Em Portugal, em 1498, determinou o rei dom Manuel que à
Irmandade da Misericórdia fosse permitido todos os anos, no dia de Todos
os Santos, retirar dos patíbulos os restos ainda pendentes dos
justiçados para lhes dar sepultura.
Foi esta a origem da procissão dos
ossos. Investida a Misericórdia do Rio de Janeiro nos privilégios e
atribuições da sua congênere de Lisboa, que lhe servira de modelo,
assumiu também aqui o mesmo encargo.
À tarde do dia primeiro de novembro começavam a dobrar funebremente
os sinos de todas as igrejas, tocando a defuntos.

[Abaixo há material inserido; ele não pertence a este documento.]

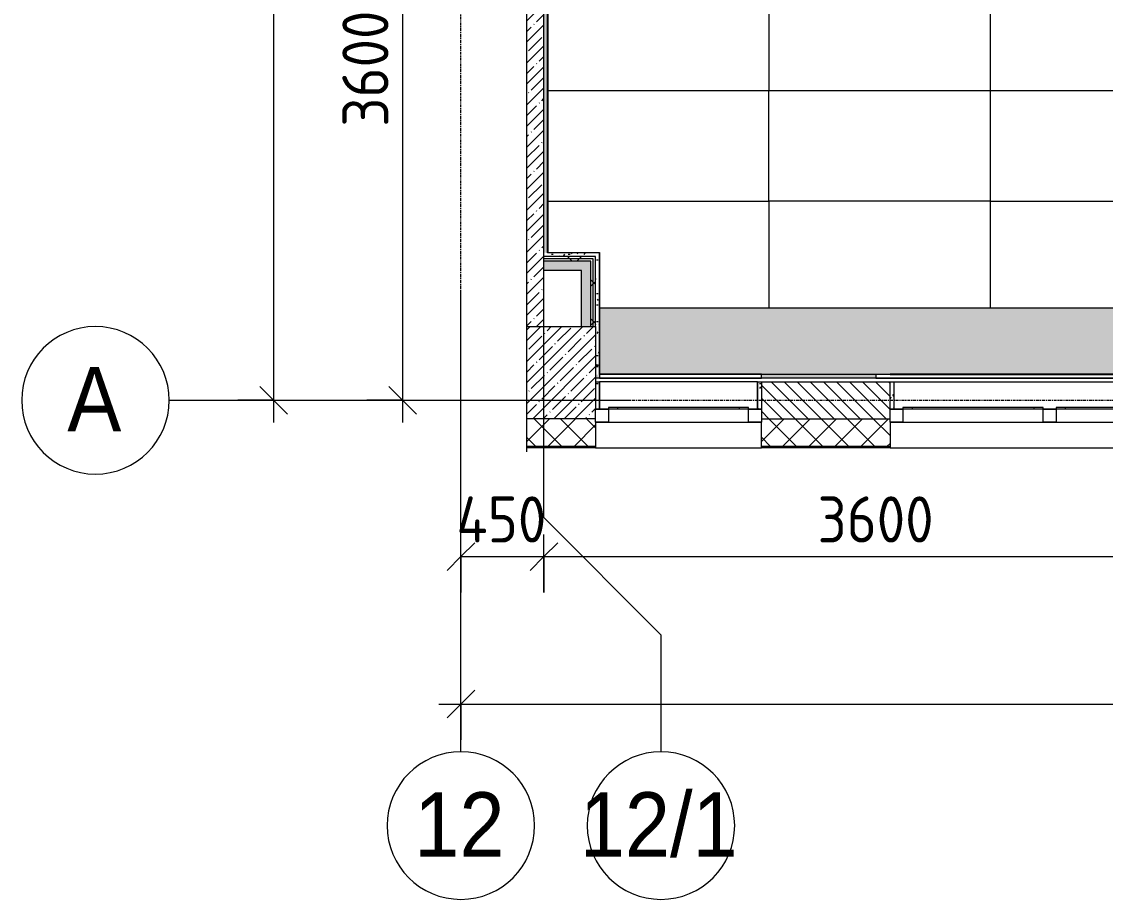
# Model space of a CAD drawing. Header units: millimetres. Extents: x 35928 to 232966, y -8553 to 29000.
# Drawn here: x 35928 to 41805, y -2706 to 2054 of the extents above; entities that cross this region are included whole.
import ezdxf

# ---------------------------------------------------------------- set-up
doc = ezdxf.new("R2010")
doc.units = ezdxf.units.MM
doc.linetypes.add('Осевая', pattern=[31.75, 6.35, -4.7625, 15.875, -4.7625])
for name, color, linetype, lineweight in [('A-ANNO-DIMS', 7, 'Continuous', 9), ('A-ANNO-DIMS-100', 7, 'Continuous', 9), ('A-ANNO-NOTE', 7, 'Continuous', 9), ('A-CLNG-PATT', 7, 'Continuous', 9), ('A-DETL-GENF', 7, 'Continuous', 9), ('A-GLAZ', 7, 'Continuous', 9), ('A-GLAZ-1', 7, 'Continuous', 13), ('A-WALL', 7, 'Continuous', 9), ('I-WALL', 7, 'Continuous', 9), ('S-COLS', 7, 'Continuous', 9), ('Оси', 7, 'Continuous', 9), ('Оси-1', 7, 'Continuous', 20), ('Оси-2', 7, 'Осевая', 9)]:
    doc.layers.add(name, color=color, linetype=linetype, lineweight=lineweight)
for name, color, linetype, lineweight, true_color in [('A-CLNG-1', 7, 'Continuous', 9, 0xeaeaea), ('A-WALL-1', 7, 'Continuous', 9, 0x3c3c3c), ('A-WALL-2', 7, 'Continuous', 9, 0x535353), ('A-WALL-FNSH-1', 7, 'Continuous', 9, 0x3c3c3c), ('I-WALL-1', 7, 'Continuous', 9, 0x535353), ('S-COLS-1', 9, 'Continuous', 9, 0x808080), ('S-COLS-2', 7, 'Continuous', 9, 0x3c3c3c)]:
    doc.layers.add(name, color=color, linetype=linetype, lineweight=lineweight, true_color=true_color)
doc.layers.add('A-CLNG-PATT-1', color=7, linetype='Continuous', lineweight=9, transparency=1)
doc.styles.add('Arial', font='arial.ttf', dxfattribs={"width": 0.9, "height": 350})
doc.styles.add('ISOCPEUR', font='isocpeur.ttf', dxfattribs={"width": 0.9, "height": 250})
doc.dimstyles.new('ISO-2_5_0_9К_БОЛЬШОЙ', dxfattribs={"dimscale": 304.8, "dimtxt": 248.995294, "dimasz": 0.492126, "dimexe": 0.393701, "dimexo": 0.984252, "dimgap": 0, "dimtad": 1, "dimdec": 0, "dimrnd": 10, "dimzin": 0, "dimdsep": 46, "dimtxsty": 'ISOCPEUR', "dimblk1": 'OBLIQUE', "dimblk2": 'OBLIQUE', "dimsah": 1, "dimcen": 0.09, "dimdle": 0.393701, "dimazin": 0, "dimtfac": 1, "dimtdec": 4, "dimtix": 1, "dimtmove": 0, "dimatfit": 3, "dimfxl": 1, "dimtvp": 1, "dimtolj": 1, "dimtzin": 0, "dimarcsym": 2})
pattern_1 = [(0, (0, 0), (121.92, 30.48), [10.058, -81.382, 10.058, -81.382, -487.68]), (0, (0, 0), (121.92, 30.48), [-182.88, 10.058, -172.822, 10.058, -81.382, -213.36]), (0, (0, 0), (121.92, 30.48), [-457.2, 10.058, -50.902, 10.058, -142.342]), (120, (45.72, 15.24), (-87.356454, 90.345817), [10.058, -81.382, 10.058, -81.382, -487.68]), (120, (45.72, 15.24), (-87.356454, 90.345817), [-182.88, 10.058, -172.822, 10.058, -81.382, -213.36]), (120, (45.72, 15.24), (-87.356454, 90.345817), [-457.2, 10.058, -50.902, 10.058, -142.342]), (240, (60.96, 76.2), (-34.563546, -120.825817), [10.058, -81.382, 10.058, -81.382, -487.68]), (240, (60.96, 76.2), (-34.563546, -120.825817), [-182.88, 10.058, -172.822, 10.058, -81.382, -213.36]), (240, (60.96, 76.2), (-34.563546, -120.825817), [-457.2, 10.058, -50.902, 10.058, -142.342])]
pattern_2 = [(45, (0, 0), (-106.066, 106.066), []), (135, (0, 0), (-106.066, -106.066), [])]

# ---------------------------------------------------------------- blocks, each defined once
blk = doc.blocks.new('BSC_Колонна _Прямоугольная - 500х500-V5-Сводный план потолков 1 этажа в осях 12-23')
at = {"layer": 'S-COLS-1'}
h = blk.add_hatch(dxfattribs=at)
h.set_pattern_fill('FP_7', color=256, style=0, pattern_type=2)
h.set_pattern_definition([(45, (-38790, -150), (-57.02463, 57.02463), []), (45, (-38732.975, -150), (-57.02463, 57.02463), [100.806, -20.161, 3.353, -16.808])])
h.paths.add_polyline_path([(-122.3, -250), (250, -250), (250, 250), (-122.3, 250), (-122.3, -198)])
at = {"layer": 'S-COLS-2'}
for p, q in [((-122.3, 250), (250, 250)), ((250, 250), (250, -198)), ((250, -250), (-122.3, -250))]:
    blk.add_line(p, q, dxfattribs=at)
blk = doc.blocks.new('120_Окно_СКБ_1Ст - 120_Окно_СКБ_1Ст 900х2500_h_-20664874-Сводный план потолков 1 этажа в осях 12-23')
at = {"layer": 'A-GLAZ'}
for p, q in [((450, -57), (-450, -57)), ((-450, -127), (450, -127))]:
    blk.add_line(p, q, dxfattribs=at)
at = {"layer": 'A-GLAZ-1'}
for p, q in [((-450, -127), (-450, -57)), ((-450, -57), (-380, -57)), ((-380, -57), (-380, -127)), ((380, -127), (380, -57)), ((380, -57), (450, -57)), ((450, -57), (450, -127)), ((-380, -127), (-450, -127)), ((-380, -127), (-380, -137)), ((-380, -137), (380, -137)), ((-330, -137), (-330, -127)), ((330, -137), (330, -127)), ((450, -127), (380, -127)), ((380, -137), (380, -127))]:
    blk.add_line(p, q, dxfattribs=at)
blk = doc.blocks.new('120_Окно_СКБ_2Ст - 120_Окно_СКБ_2Ст 2100х2500 _мал створка справа_-22445857-Сводный план потолков 1 этажа в осях 12-23')
at = {"layer": 'A-GLAZ'}
for p, q in [((1050, -57), (-1050, -57)), ((-1050, -127), (1050, -127))]:
    blk.add_line(p, q, dxfattribs=at)
at = {"layer": 'A-GLAZ-1'}
for p, q in [((-1050, -127), (-1050, -57)), ((-1050, -57), (-980, -57)), ((-980, -57), (-980, -127)), ((150, -127), (150, -57)), ((150, -57), (220, -57)), ((220, -57), (220, -127)), ((980, -127), (980, -57)), ((980, -57), (1050, -57)), ((1050, -57), (1050, -127)), ((-980, -127), (-1050, -127)), ((-980, -127), (-980, -137)), ((-980, -137), (150, -137)), ((-930, -137), (-930, -127)), ((100, -137), (100, -127)), ((220, -127), (150, -127)), ((150, -137), (150, -127)), ((220, -127), (220, -137)), ((220, -137), (980, -137)), ((270, -137), (270, -127)), ((930, -137), (930, -127)), ((1050, -127), (980, -127)), ((980, -137), (980, -127))]:
    blk.add_line(p, q, dxfattribs=at)
blk = doc.blocks.new('DET_L_Линия разрыва - М100-30654842-Сводный план потолков 1 этажа в осях 12-23')
at = {"layer": 'A-DETL-GENF'}
blk.add_line((24079.7, 0), (12339.9, 0), dxfattribs=at)
blk = doc.blocks.new('Ось сетки - D8-29747960-Сводный план потолков 1 этажа в осях 12-23')
at = {"layer": 'Оси-1'}
for start, end in [(360, 180), (180, 360)]:
    blk.add_arc((0, 0), 4, start, end, dxfattribs=at)
blk = doc.blocks.new('DIMBLOCK1-Сводный план потолков 1 этажа в осях 12-23')
at = {"layer": 'A-ANNO-DIMS-100'}
for p, q in [((38310, -1041.5), (38310, -727.6)), ((38760, -1041.5), (38760, -727.6)), ((38310, -847.6), (38760, -847.6)), ((38310, -847.6), (38310, -1041.5)), ((38760, -847.6), (38760, -1041.5))]:
    blk.add_line(p, q, dxfattribs=at)
at = {"layer": 'A-ANNO-DIMS-100', "lineweight": 20}
for p, q in [((38310, -847.6), (38385, -772.6)), ((38760, -847.6), (38835, -772.6)), ((38310, -847.6), (38235, -922.6)), ((38760, -847.6), (38685, -922.6))]:
    blk.add_line(p, q, dxfattribs=at)
at = {"layer": 'A-ANNO-DIMS-100', "color": 0, "insert": (38286, -521), "char_height": 250, "width": 597.589, "attachment_point": 1, "line_spacing_factor": 1.149209, "style": 'ISOCPEUR'}
blk.add_mtext('450', dxfattribs=at)
blk = doc.blocks.new('_Oblique')
at = {"color": 0, "linetype": 'ByBlock', "lineweight": -2}
blk.add_line((-0.5, -0.5), (0.5, 0.5), dxfattribs=at)
blk = doc.blocks.new('DIMBLOCK2-Сводный план потолков 1 этажа в осях 12-23')
at = {"layer": 'A-ANNO-DIMS-100'}
for p, q in [((38760, -1041.5), (38760, -727.6)), ((42360, -1041.5), (42360, -727.6)), ((38760, -847.6), (42360, -847.6)), ((38760, -847.6), (38760, -1041.5)), ((42360, -847.6), (42360, -1041.5))]:
    blk.add_line(p, q, dxfattribs=at)
at = {"layer": 'A-ANNO-DIMS-100', "lineweight": 20}
for p, q in [((38760, -847.6), (38835, -772.6)), ((42360, -847.6), (42435, -772.6)), ((38760, -847.6), (38685, -922.6)), ((42360, -847.6), (42285, -922.6))]:
    blk.add_line(p, q, dxfattribs=at)
at = {"layer": 'A-ANNO-DIMS-100', "color": 0, "insert": (40244, -521), "char_height": 250, "width": 758.478, "attachment_point": 1, "line_spacing_factor": 1.149209, "style": 'ISOCPEUR'}
blk.add_mtext('3600', dxfattribs=at)
blk = doc.blocks.new('DIMBLOCK30-Сводный план потолков 1 этажа в осях 12-23')
at = {"layer": 'A-ANNO-DIMS-100', "lineweight": 20}
for p, q in [((37993.8, 3600), (37918.8, 3675)), ((37993.8, 3600), (38068.8, 3525)), ((37993.8, 0), (37918.8, 75)), ((37993.8, 0), (38068.8, -75))]:
    blk.add_line(p, q, dxfattribs=at)
at = {"layer": 'A-ANNO-DIMS-100'}
for p, q in [((37799.9, 3600), (38113.8, 3600)), ((37993.8, 3600), (37799.9, 3600)), ((37993.8, 3600), (37993.8, -120)), ((37799.9, 0), (38113.8, 0)), ((37993.8, 0), (37799.9, 0))]:
    blk.add_line(p, q, dxfattribs=at)
at = {"layer": 'A-ANNO-DIMS-100', "color": 0, "insert": (37667.2, 1484), "char_height": 250, "width": 758.478, "attachment_point": 1, "rotation": 90, "line_spacing_factor": 1.149209, "style": 'ISOCPEUR'}
blk.add_mtext('3600', dxfattribs=at)
blk = doc.blocks.new('DIMBLOCK31-Сводный план потолков 1 этажа в осях 12-23')
at = {"layer": 'A-ANNO-DIMS-100'}
for p, q in [((38310, -1841.5), (38310, -1527.6)), ((84560, -1841.5), (84560, -1527.6)), ((38190, -1647.6), (84680, -1647.6)), ((38310, -1647.6), (38310, -1841.5)), ((84560, -1647.6), (84560, -1841.5))]:
    blk.add_line(p, q, dxfattribs=at)
at = {"layer": 'A-ANNO-DIMS-100', "lineweight": 20}
for p, q in [((38310, -1647.6), (38385, -1572.6)), ((84560, -1647.6), (84635, -1572.6)), ((38310, -1647.6), (38235, -1722.6)), ((84560, -1647.6), (84485, -1722.6))]:
    blk.add_line(p, q, dxfattribs=at)
at = {"layer": 'A-ANNO-DIMS-100', "color": 0, "insert": (61028, -1321), "char_height": 250, "width": 976.828, "attachment_point": 1, "line_spacing_factor": 1.149209, "style": 'ISOCPEUR'}
blk.add_mtext('46250', dxfattribs=at)
blk = doc.blocks.new('DIMBLOCK32-Сводный план потолков 1 этажа в осях 12-23')
at = {"layer": 'A-ANNO-DIMS-100'}
for p, q in [((37293.8, 27120), (37293.8, -120)), ((37099.9, 27000), (37413.8, 27000)), ((37293.8, 27000), (37099.9, 27000)), ((37099.9, 0), (37413.8, 0)), ((37293.8, 0), (37099.9, 0))]:
    blk.add_line(p, q, dxfattribs=at)
at = {"layer": 'A-ANNO-DIMS-100', "lineweight": 20}
for p, q in [((37293.8, 27000), (37218.8, 27075)), ((37293.8, 27000), (37368.8, 26925)), ((37293.8, 0), (37218.8, 75)), ((37293.8, 0), (37368.8, -75))]:
    blk.add_line(p, q, dxfattribs=at)
at = {"layer": 'A-ANNO-DIMS-100', "color": 0, "insert": (36967.2, 13105), "char_height": 250, "width": 948.097, "attachment_point": 1, "rotation": 90, "line_spacing_factor": 1.149209, "style": 'ISOCPEUR'}
blk.add_mtext('27000', dxfattribs=at)

msp = doc.modelspace()

# ---------------------------------------------------------------- hatches: boundary and pattern name
at = {"layer": 'A-CLNG-PATT'}
h = msp.add_hatch(dxfattribs=at)
h.set_pattern_fill('FP_67', color=256, style=0, pattern_type=2)
h.set_pattern_definition([(180, (39981, 8879.5), (-7e-14, -600), []), (270, (39981, 8879.5), (1200, 7e-14), [])])
h.paths.add_polyline_path([(47389, 501), (47389, 7659), (46011, 7659), (46011, 7652), (44218, 7652), (44218, 7050), (42889, 7049), (42889, 7679), (39061, 7679), (39061, 7379), (38781, 7379), (38781, 800), (39060, 800), (39060, 501), (47041.6, 501)])
h.paths.add_polyline_path([(44780.5, 1079.8), (44780.5, 1679.8), (45980.5, 1679.8), (45980.5, 1079.8)])
h.paths.add_polyline_path([(42380.5, 1079.8), (42380.5, 1679.8), (43580.5, 1679.8), (43580.5, 1079.8)])
h.paths.add_polyline_path([(41180.5, 1079.8), (39980.5, 1079.8), (39980.5, 1679.8), (41180.5, 1679.8)])
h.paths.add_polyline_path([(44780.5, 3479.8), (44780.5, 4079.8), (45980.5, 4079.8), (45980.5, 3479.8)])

No início da noite,
concluídas as vésperas, saíam os irmãos da Misericórdia, em solene
cortejo, com os farricocos carregando duas “tumbas” para
recolher as ossadas ao pé da forca.
Era o mais funéreo espetáculo que se
possa imaginar. Quem quiser conhecer a organização desse préstito
encontrará a descrição pormenorizada no velho “compromisso” da Irmandade, no capítulo que diz: “Do modo com que se hão de ir buscar as ossadas dos que padeceram por justiça…”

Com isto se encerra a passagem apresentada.